I140 is only dead if a company request to withdraw I140 petition before it is approved. If his I140 is "pending" it is not dead.
2010 greatest Star Wars
bkarnik
04-18 09:21 AM
Guys:
Before we get all excited and start signing petitions, please check to confirm whether you are legally safe by doing so. For more information please see this link from Murthy website http://www.murthy.com/news/n_parele.html
I write this because the petition is sponsored by a campaign manager for Kennedy. Please be very careful in signing such petitions. I would recommend discussing any such petition on this forum and getting input from the IV folks or from your lawyers before signing any petition that supports an individual or any particular political party.
Before we get all excited and start signing petitions, please check to confirm whether you are legally safe by doing so. For more information please see this link from Murthy website http://www.murthy.com/news/n_parele.html
I write this because the petition is sponsored by a campaign manager for Kennedy. Please be very careful in signing such petitions. I would recommend discussing any such petition on this forum and getting input from the IV folks or from your lawyers before signing any petition that supports an individual or any particular political party.
more...
ssreenu
04-13 09:46 AM
Gurus, your inputs please: Can I take up a position in India with an American Firm while on H1B?
2 things:
1. Yes, you can be an expat, meaning you can still work elsewhere (any branch) in the world while your payroll is still run in US(using H1B for the same company in US) and taxes are paid in US.
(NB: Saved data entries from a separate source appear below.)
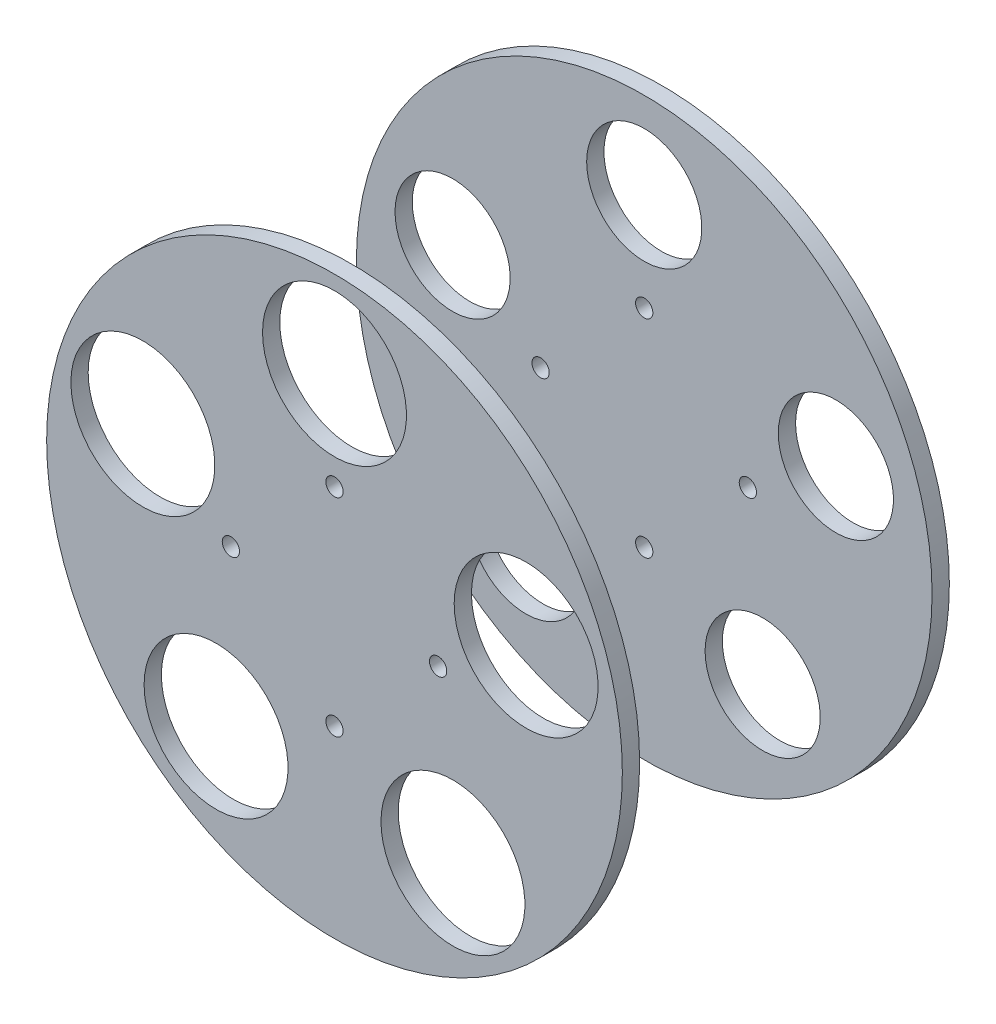
ISO-10303-21;
HEADER;
FILE_DESCRIPTION(('STEP AP214'),'2;1');
FILE_NAME('part.step','',(''),(''),'','','');
FILE_SCHEMA(('AUTOMOTIVE_DESIGN { 1 0 10303 214 1 1 1 1 }'));
ENDSEC;
DATA;
#1=APPLICATION_CONTEXT('core data for automotive mechanical design processes');
#2=APPLICATION_PROTOCOL_DEFINITION('international standard','automotive_design',2000,#1);
#3=PRODUCT_CONTEXT('',#1,'mechanical');
#4=PRODUCT('Part','Part','',(#3));
#5=PRODUCT_RELATED_PRODUCT_CATEGORY('part','',(#4));
#6=PRODUCT_DEFINITION_FORMATION('','',#4);
#7=PRODUCT_DEFINITION_CONTEXT('part definition',#1,'design');
#8=PRODUCT_DEFINITION('design','',#6,#7);
#9=PRODUCT_DEFINITION_SHAPE('','',#8);
#10=(LENGTH_UNIT() NAMED_UNIT(*) SI_UNIT(.MILLI.,.METRE.));
#11=(NAMED_UNIT(*) PLANE_ANGLE_UNIT() SI_UNIT($,.RADIAN.));
#12=(NAMED_UNIT(*) SI_UNIT($,.STERADIAN.) SOLID_ANGLE_UNIT());
#13=UNCERTAINTY_MEASURE_WITH_UNIT(LENGTH_MEASURE(1.E-05),#10,'distance_accuracy_value','');
#14=(GEOMETRIC_REPRESENTATION_CONTEXT(3) GLOBAL_UNCERTAINTY_ASSIGNED_CONTEXT((#13)) GLOBAL_UNIT_ASSIGNED_CONTEXT((#10,
#11,#12)) REPRESENTATION_CONTEXT('',''));
#15=CARTESIAN_POINT('',(0.,0.,0.));
#16=DIRECTION('',(0.,0.,1.));
#17=DIRECTION('',(1.,0.,0.));
#18=AXIS2_PLACEMENT_3D('',#15,#16,#17);
#19=CARTESIAN_POINT('',(0.,0.,0.));
#20=DIRECTION('',(0.,0.,1.));
#21=DIRECTION('',(1.,0.,0.));
#22=AXIS2_PLACEMENT_3D('',#19,#20,#21);
#23=PLANE('',#22);
#24=CARTESIAN_POINT('',(0.,18.,0.));
#25=DIRECTION('',(0.,0.,-1.));
#26=DIRECTION('',(1.,0.,0.));
#27=AXIS2_PLACEMENT_3D('',#24,#25,#26);
#28=CIRCLE('',#27,1.5);
#29=CARTESIAN_POINT('',(-1.5,18.,0.));
#30=VERTEX_POINT('',#29);
#31=EDGE_CURVE('P0_E125',#30,#30,#28,.T.);
#32=ORIENTED_EDGE('',*,*,#31,.F.);
#33=EDGE_LOOP('',(#32));
#34=FACE_BOUND('',#33,.T.);
#35=CARTESIAN_POINT('',(0.,-18.,0.));
#36=DIRECTION('',(0.,0.,-1.));
#37=DIRECTION('',(1.,0.,0.));
#38=AXIS2_PLACEMENT_3D('',#35,#36,#37);
#39=CIRCLE('',#38,1.5);
#40=CARTESIAN_POINT('',(-1.5,-18.,0.));
#41=VERTEX_POINT('',#40);
#42=EDGE_CURVE('P0_E136',#41,#41,#39,.T.);
#43=ORIENTED_EDGE('',*,*,#42,.F.);
#44=EDGE_LOOP('',(#43));
#45=FACE_BOUND('',#44,.T.);
#46=CARTESIAN_POINT('',(33.2869780703304,10.8155948031231,0.));
#47=DIRECTION('',(0.,0.,-1.));
#48=DIRECTION('',(1.,0.,0.));
#49=AXIS2_PLACEMENT_3D('',#46,#47,#48);
#50=CIRCLE('',#49,12.5);
#51=CARTESIAN_POINT('',(20.7869780703304,10.8155948031231,0.));
#52=VERTEX_POINT('',#51);
#53=EDGE_CURVE('P0_E157',#52,#52,#50,.T.);
#54=ORIENTED_EDGE('',*,*,#53,.F.);
#55=EDGE_LOOP('',(#54));
#56=FACE_BOUND('',#55,.T.);
#57=CARTESIAN_POINT('',(20.5724838302366,-28.3155948031232,0.));
#58=DIRECTION('',(0.,0.,-1.));
#59=DIRECTION('',(1.,0.,0.));
#60=AXIS2_PLACEMENT_3D('',#57,#58,#59);
#61=CIRCLE('',#60,12.5);
#62=CARTESIAN_POINT('',(8.07248383023655,-28.3155948031232,0.));
#63=VERTEX_POINT('',#62);
#64=EDGE_CURVE('P0_E204',#63,#63,#61,.T.);
#65=ORIENTED_EDGE('',*,*,#64,.F.);
#66=EDGE_LOOP('',(#65));
#67=FACE_BOUND('',#66,.T.);
#68=CARTESIAN_POINT('',(18.,0.,0.));
#69=DIRECTION('',(0.,0.,-1.));
#70=DIRECTION('',(1.,0.,0.));
#71=AXIS2_PLACEMENT_3D('',#68,#69,#70);
#72=CIRCLE('',#71,1.5);
#73=CARTESIAN_POINT('',(16.5,0.,0.));
#74=VERTEX_POINT('',#73);
#75=EDGE_CURVE('P0_E80',#74,#74,#72,.T.);
#76=ORIENTED_EDGE('',*,*,#75,.F.);
#77=EDGE_LOOP('',(#76));
#78=FACE_BOUND('',#77,.T.);
#79=CARTESIAN_POINT('',(-18.,0.,0.));
#80=DIRECTION('',(0.,0.,-1.));
#81=DIRECTION('',(1.,0.,0.));
#82=AXIS2_PLACEMENT_3D('',#79,#80,#81);
#83=CIRCLE('',#82,1.5);
#84=CARTESIAN_POINT('',(-19.5,0.,0.));
#85=VERTEX_POINT('',#84);
#86=EDGE_CURVE('P0_E178',#85,#85,#83,.T.);
#87=ORIENTED_EDGE('',*,*,#86,.F.);
#88=EDGE_LOOP('',(#87));
#89=FACE_BOUND('',#88,.T.);
#90=CARTESIAN_POINT('',(-20.5724838302366,-28.3155948031232,0.));
#91=DIRECTION('',(0.,0.,-1.));
#92=DIRECTION('',(1.,0.,0.));
#93=AXIS2_PLACEMENT_3D('',#90,#91,#92);
#94=CIRCLE('',#93,12.5);
#95=CARTESIAN_POINT('',(-33.0724838302366,-28.3155948031232,0.));
#96=VERTEX_POINT('',#95);
#97=EDGE_CURVE('P0_E161',#96,#96,#94,.T.);
#98=ORIENTED_EDGE('',*,*,#97,.F.);
#99=EDGE_LOOP('',(#98));
#100=FACE_BOUND('',#99,.T.);
#101=CARTESIAN_POINT('',(-33.2869780703304,10.8155948031232,0.));
#102=DIRECTION('',(0.,0.,-1.));
#103=DIRECTION('',(1.,0.,0.));
#104=AXIS2_PLACEMENT_3D('',#101,#102,#103);
#105=CIRCLE('',#104,12.5);
#106=CARTESIAN_POINT('',(-45.7869780703304,10.8155948031232,0.));
#107=VERTEX_POINT('',#106);
#108=EDGE_CURVE('P0_E104',#107,#107,#105,.T.);
#109=ORIENTED_EDGE('',*,*,#108,.F.);
#110=EDGE_LOOP('',(#109));
#111=FACE_BOUND('',#110,.T.);
#112=CARTESIAN_POINT('',(0.,35.,0.));
#113=DIRECTION('',(0.,0.,-1.));
#114=DIRECTION('',(1.,0.,0.));
#115=AXIS2_PLACEMENT_3D('',#112,#113,#114);
#116=CIRCLE('',#115,12.5);
#117=CARTESIAN_POINT('',(-12.5,35.,0.));
#118=VERTEX_POINT('',#117);
#119=EDGE_CURVE('P0_E164',#118,#118,#116,.T.);
#120=ORIENTED_EDGE('',*,*,#119,.F.);
#121=EDGE_LOOP('',(#120));
#122=FACE_BOUND('',#121,.T.);
#123=CARTESIAN_POINT('',(0.,0.,0.));
#124=DIRECTION('',(0.,0.,1.));
#125=DIRECTION('',(1.,0.,0.));
#126=AXIS2_PLACEMENT_3D('',#123,#124,#125);
#127=CIRCLE('',#126,50.);
#128=CARTESIAN_POINT('',(-50.,0.,0.));
#129=VERTEX_POINT('',#128);
#130=EDGE_CURVE('P0_E11',#129,#129,#127,.T.);
#131=ORIENTED_EDGE('',*,*,#130,.F.);
#132=EDGE_LOOP('',(#131));
#133=FACE_BOUND('',#132,.T.);
#134=ADVANCED_FACE('P0_F17',(#34,#45,#56,#67,#78,#89,#100,#111,#122,#133),#23,.F.);
#135=CARTESIAN_POINT('',(0.,0.,3.));
#136=DIRECTION('',(0.,0.,1.));
#137=DIRECTION('',(1.,0.,0.));
#138=AXIS2_PLACEMENT_3D('',#135,#136,#137);
#139=PLANE('',#138);
#140=CARTESIAN_POINT('',(0.,18.,3.));
#141=DIRECTION('',(0.,0.,-1.));
#142=DIRECTION('',(1.,0.,0.));
#143=AXIS2_PLACEMENT_3D('',#140,#141,#142);
#144=CIRCLE('',#143,1.5);
#145=CARTESIAN_POINT('',(-1.5,18.,3.));
#146=VERTEX_POINT('',#145);
#147=EDGE_CURVE('P0_E214',#146,#146,#144,.T.);
#148=ORIENTED_EDGE('',*,*,#147,.T.);
#149=EDGE_LOOP('',(#148));
#150=FACE_BOUND('',#149,.T.);
#151=CARTESIAN_POINT('',(0.,-18.,3.));
#152=DIRECTION('',(0.,0.,-1.));
#153=DIRECTION('',(1.,0.,0.));
#154=AXIS2_PLACEMENT_3D('',#151,#152,#153);
#155=CIRCLE('',#154,1.5);
#156=CARTESIAN_POINT('',(-1.5,-18.,3.));
#157=VERTEX_POINT('',#156);
#158=EDGE_CURVE('P0_E134',#157,#157,#155,.T.);
#159=ORIENTED_EDGE('',*,*,#158,.T.);
#160=EDGE_LOOP('',(#159));
#161=FACE_BOUND('',#160,.T.);
#162=CARTESIAN_POINT('',(33.2869780703304,10.8155948031231,3.));
#163=DIRECTION('',(0.,0.,-1.));
#164=DIRECTION('',(1.,0.,0.));
#165=AXIS2_PLACEMENT_3D('',#162,#163,#164);
#166=CIRCLE('',#165,12.5);
#167=CARTESIAN_POINT('',(20.7869780703304,10.8155948031231,3.));
#168=VERTEX_POINT('',#167);
#169=EDGE_CURVE('P0_E189',#168,#168,#166,.T.);
#170=ORIENTED_EDGE('',*,*,#169,.T.);
#171=EDGE_LOOP('',(#170));
#172=FACE_BOUND('',#171,.T.);
#173=CARTESIAN_POINT('',(20.5724838302366,-28.3155948031232,3.));
#174=DIRECTION('',(0.,0.,-1.));
#175=DIRECTION('',(1.,0.,0.));
#176=AXIS2_PLACEMENT_3D('',#173,#174,#175);
#177=CIRCLE('',#176,12.5);
#178=CARTESIAN_POINT('',(8.07248383023655,-28.3155948031232,3.));
#179=VERTEX_POINT('',#178);
#180=EDGE_CURVE('P0_E153',#179,#179,#177,.T.);
#181=ORIENTED_EDGE('',*,*,#180,.T.);
#182=EDGE_LOOP('',(#181));
#183=FACE_BOUND('',#182,.T.);
#184=CARTESIAN_POINT('',(18.,0.,3.));
#185=DIRECTION('',(0.,0.,-1.));
#186=DIRECTION('',(1.,0.,0.));
#187=AXIS2_PLACEMENT_3D('',#184,#185,#186);
#188=CIRCLE('',#187,1.5);
#189=CARTESIAN_POINT('',(16.5,0.,3.));
#190=VERTEX_POINT('',#189);
#191=EDGE_CURVE('P0_E207',#190,#190,#188,.T.);
#192=ORIENTED_EDGE('',*,*,#191,.T.);
#193=EDGE_LOOP('',(#192));
#194=FACE_BOUND('',#193,.T.);
#195=CARTESIAN_POINT('',(-18.,0.,3.));
#196=DIRECTION('',(0.,0.,-1.));
#197=DIRECTION('',(1.,0.,0.));
#198=AXIS2_PLACEMENT_3D('',#195,#196,#197);
#199=CIRCLE('',#198,1.5);
#200=CARTESIAN_POINT('',(-19.5,0.,3.));
#201=VERTEX_POINT('',#200);
#202=EDGE_CURVE('P0_E179',#201,#201,#199,.T.);
#203=ORIENTED_EDGE('',*,*,#202,.T.);
#204=EDGE_LOOP('',(#203));
#205=FACE_BOUND('',#204,.T.);
#206=CARTESIAN_POINT('',(-20.5724838302366,-28.3155948031232,3.));
#207=DIRECTION('',(0.,0.,-1.));
#208=DIRECTION('',(1.,0.,0.));
#209=AXIS2_PLACEMENT_3D('',#206,#207,#208);
#210=CIRCLE('',#209,12.5);
#211=CARTESIAN_POINT('',(-33.0724838302366,-28.3155948031231,3.));
#212=VERTEX_POINT('',#211);
#213=EDGE_CURVE('P0_E162',#212,#212,#210,.T.);
#214=ORIENTED_EDGE('',*,*,#213,.T.);
#215=EDGE_LOOP('',(#214));
#216=FACE_BOUND('',#215,.T.);
#217=CARTESIAN_POINT('',(-33.2869780703304,10.8155948031232,3.));
#218=DIRECTION('',(0.,0.,-1.));
#219=DIRECTION('',(1.,0.,0.));
#220=AXIS2_PLACEMENT_3D('',#217,#218,#219);
#221=CIRCLE('',#220,12.5);
#222=CARTESIAN_POINT('',(-45.7869780703304,10.8155948031232,3.));
#223=VERTEX_POINT('',#222);
#224=EDGE_CURVE('P0_E173',#223,#223,#221,.T.);
#225=ORIENTED_EDGE('',*,*,#224,.T.);
#226=EDGE_LOOP('',(#225));
#227=FACE_BOUND('',#226,.T.);
#228=CARTESIAN_POINT('',(0.,35.,3.));
#229=DIRECTION('',(0.,0.,-1.));
#230=DIRECTION('',(1.,0.,0.));
#231=AXIS2_PLACEMENT_3D('',#228,#229,#230);
#232=CIRCLE('',#231,12.5);
#233=CARTESIAN_POINT('',(-12.5,35.,3.));
#234=VERTEX_POINT('',#233);
#235=EDGE_CURVE('P0_E185',#234,#234,#232,.T.);
#236=ORIENTED_EDGE('',*,*,#235,.T.);
#237=EDGE_LOOP('',(#236));
#238=FACE_BOUND('',#237,.T.);
#239=CARTESIAN_POINT('',(0.,0.,3.));
#240=DIRECTION('',(0.,0.,1.));
#241=DIRECTION('',(1.,0.,0.));
#242=AXIS2_PLACEMENT_3D('',#239,#240,#241);
#243=CIRCLE('',#242,50.);
#244=CARTESIAN_POINT('',(-50.,0.,3.));
#245=VERTEX_POINT('',#244);
#246=EDGE_CURVE('P0_E167',#245,#245,#243,.T.);
#247=ORIENTED_EDGE('',*,*,#246,.T.);
#248=EDGE_LOOP('',(#247));
#249=FACE_BOUND('',#248,.T.);
#250=ADVANCED_FACE('P0_F140',(#150,#161,#172,#183,#194,#205,#216,#227,#238,#249),#139,.T.);
#251=CARTESIAN_POINT('',(0.,0.,0.));
#252=DIRECTION('',(0.,0.,1.));
#253=DIRECTION('',(1.,0.,0.));
#254=AXIS2_PLACEMENT_3D('',#251,#252,#253);
#255=CYLINDRICAL_SURFACE('',#254,50.);
#256=ORIENTED_EDGE('',*,*,#246,.F.);
#257=DIRECTION('',(0.,0.,-1.));
#258=VECTOR('',#257,1.);
#259=CARTESIAN_POINT('',(-50.,0.,0.));
#260=LINE('',#259,#258);
#261=EDGE_CURVE('P0_E28',#245,#129,#260,.T.);
#262=ORIENTED_EDGE('',*,*,#261,.T.);
#263=ORIENTED_EDGE('',*,*,#130,.T.);
#264=ORIENTED_EDGE('',*,*,#261,.F.);
#265=EDGE_LOOP('',(#256,#262,#263,#264));
#266=FACE_BOUND('',#265,.T.);
#267=ADVANCED_FACE('P0_F240',(#266),#255,.T.);
#268=CARTESIAN_POINT('',(0.,35.,0.));
#269=DIRECTION('',(0.,0.,1.));
#270=DIRECTION('',(1.,0.,0.));
#271=AXIS2_PLACEMENT_3D('',#268,#269,#270);
#272=CYLINDRICAL_SURFACE('',#271,12.5);
#273=ORIENTED_EDGE('',*,*,#235,.F.);
#274=DIRECTION('',(0.,0.,-1.));
#275=VECTOR('',#274,1.);
#276=CARTESIAN_POINT('',(-12.5,35.,0.));
#277=LINE('',#276,#275);
#278=EDGE_CURVE('P0_E93',#234,#118,#277,.T.);
#279=ORIENTED_EDGE('',*,*,#278,.T.);
#280=ORIENTED_EDGE('',*,*,#119,.T.);
#281=ORIENTED_EDGE('',*,*,#278,.F.);
#282=EDGE_LOOP('',(#273,#279,#280,#281));
#283=FACE_BOUND('',#282,.T.);
#284=ADVANCED_FACE('P0_F19',(#283),#272,.F.);
#285=CARTESIAN_POINT('',(-33.2869780703304,10.8155948031232,0.));
#286=DIRECTION('',(0.,0.,1.));
#287=DIRECTION('',(1.,0.,0.));
#288=AXIS2_PLACEMENT_3D('',#285,#286,#287);
#289=CYLINDRICAL_SURFACE('',#288,12.5);
#290=ORIENTED_EDGE('',*,*,#224,.F.);
#291=DIRECTION('',(0.,0.,-1.));
#292=VECTOR('',#291,1.);
#293=CARTESIAN_POINT('',(-45.7869780703304,10.8155948031232,0.));
#294=LINE('',#293,#292);
#295=EDGE_CURVE('P0_E186',#223,#107,#294,.T.);
#296=ORIENTED_EDGE('',*,*,#295,.T.);
#297=ORIENTED_EDGE('',*,*,#108,.T.);
#298=ORIENTED_EDGE('',*,*,#295,.F.);
#299=EDGE_LOOP('',(#290,#296,#297,#298));
#300=FACE_BOUND('',#299,.T.);
#301=ADVANCED_FACE('P0_F246',(#300),#289,.F.);
#302=CARTESIAN_POINT('',(-20.5724838302366,-28.3155948031232,0.));
#303=DIRECTION('',(0.,0.,1.));
#304=DIRECTION('',(1.,0.,0.));
#305=AXIS2_PLACEMENT_3D('',#302,#303,#304);
#306=CYLINDRICAL_SURFACE('',#305,12.5);
#307=ORIENTED_EDGE('',*,*,#213,.F.);
#308=DIRECTION('',(0.,0.,-1.));
#309=VECTOR('',#308,1.);
#310=CARTESIAN_POINT('',(-33.0724838302366,-28.3155948031232,0.));
#311=LINE('',#310,#309);
#312=EDGE_CURVE('P0_E158',#212,#96,#311,.T.);
#313=ORIENTED_EDGE('',*,*,#312,.T.);
#314=ORIENTED_EDGE('',*,*,#97,.T.);
#315=ORIENTED_EDGE('',*,*,#312,.F.);
#316=EDGE_LOOP('',(#307,#313,#314,#315));
#317=FACE_BOUND('',#316,.T.);
#318=ADVANCED_FACE('P0_F249',(#317),#306,.F.);
#319=CARTESIAN_POINT('',(-18.,0.,0.));
#320=DIRECTION('',(0.,0.,1.));
#321=DIRECTION('',(1.,0.,0.));
#322=AXIS2_PLACEMENT_3D('',#319,#320,#321);
#323=CYLINDRICAL_SURFACE('',#322,1.5);
#324=ORIENTED_EDGE('',*,*,#202,.F.);
#325=DIRECTION('',(0.,0.,-1.));
#326=VECTOR('',#325,1.);
#327=CARTESIAN_POINT('',(-19.5,0.,0.));
#328=LINE('',#327,#326);
#329=EDGE_CURVE('P0_E174',#201,#85,#328,.T.);
#330=ORIENTED_EDGE('',*,*,#329,.T.);
#331=ORIENTED_EDGE('',*,*,#86,.T.);
#332=ORIENTED_EDGE('',*,*,#329,.F.);
#333=EDGE_LOOP('',(#324,#330,#331,#332));
#334=FACE_BOUND('',#333,.T.);
#335=ADVANCED_FACE('P0_F243',(#334),#323,.F.);
#336=CARTESIAN_POINT('',(18.,0.,0.));
#337=DIRECTION('',(0.,0.,1.));
#338=DIRECTION('',(1.,0.,0.));
#339=AXIS2_PLACEMENT_3D('',#336,#337,#338);
#340=CYLINDRICAL_SURFACE('',#339,1.5);
#341=ORIENTED_EDGE('',*,*,#191,.F.);
#342=DIRECTION('',(0.,0.,-1.));
#343=VECTOR('',#342,1.);
#344=CARTESIAN_POINT('',(16.5,0.,0.));
#345=LINE('',#344,#343);
#346=EDGE_CURVE('P0_E21',#190,#74,#345,.T.);
#347=ORIENTED_EDGE('',*,*,#346,.T.);
#348=ORIENTED_EDGE('',*,*,#75,.T.);
#349=ORIENTED_EDGE('',*,*,#346,.F.);
#350=EDGE_LOOP('',(#341,#347,#348,#349));
#351=FACE_BOUND('',#350,.T.);
#352=ADVANCED_FACE('P0_F250',(#351),#340,.F.);
#353=CARTESIAN_POINT('',(20.5724838302366,-28.3155948031232,0.));
#354=DIRECTION('',(0.,0.,1.));
#355=DIRECTION('',(1.,0.,0.));
#356=AXIS2_PLACEMENT_3D('',#353,#354,#355);
#357=CYLINDRICAL_SURFACE('',#356,12.5);
#358=ORIENTED_EDGE('',*,*,#180,.F.);
#359=DIRECTION('',(0.,0.,-1.));
#360=VECTOR('',#359,1.);
#361=CARTESIAN_POINT('',(8.07248383023655,-28.3155948031232,0.));
#362=LINE('',#361,#360);
#363=EDGE_CURVE('P0_E156',#179,#63,#362,.T.);
#364=ORIENTED_EDGE('',*,*,#363,.T.);
#365=ORIENTED_EDGE('',*,*,#64,.T.);
#366=ORIENTED_EDGE('',*,*,#363,.F.);
#367=EDGE_LOOP('',(#358,#364,#365,#366));
#368=FACE_BOUND('',#367,.T.);
#369=ADVANCED_FACE('P0_F252',(#368),#357,.F.);
#370=CARTESIAN_POINT('',(33.2869780703304,10.8155948031231,0.));
#371=DIRECTION('',(0.,0.,1.));
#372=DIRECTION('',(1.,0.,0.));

2. Having a H1B does not restrict you to work only in US. You can work elsewhere in the world while your H1B is still valid unless the company revokes it for some reason.
Hope this helps.
*Note I am not an expert, I am just sharing the knowledge I have. :D
2 things:
1. Yes, you can be an expat, meaning you can still work elsewhere (any branch) in the world while your payroll is still run in US(using H1B for the same company in US) and taxes are paid in US.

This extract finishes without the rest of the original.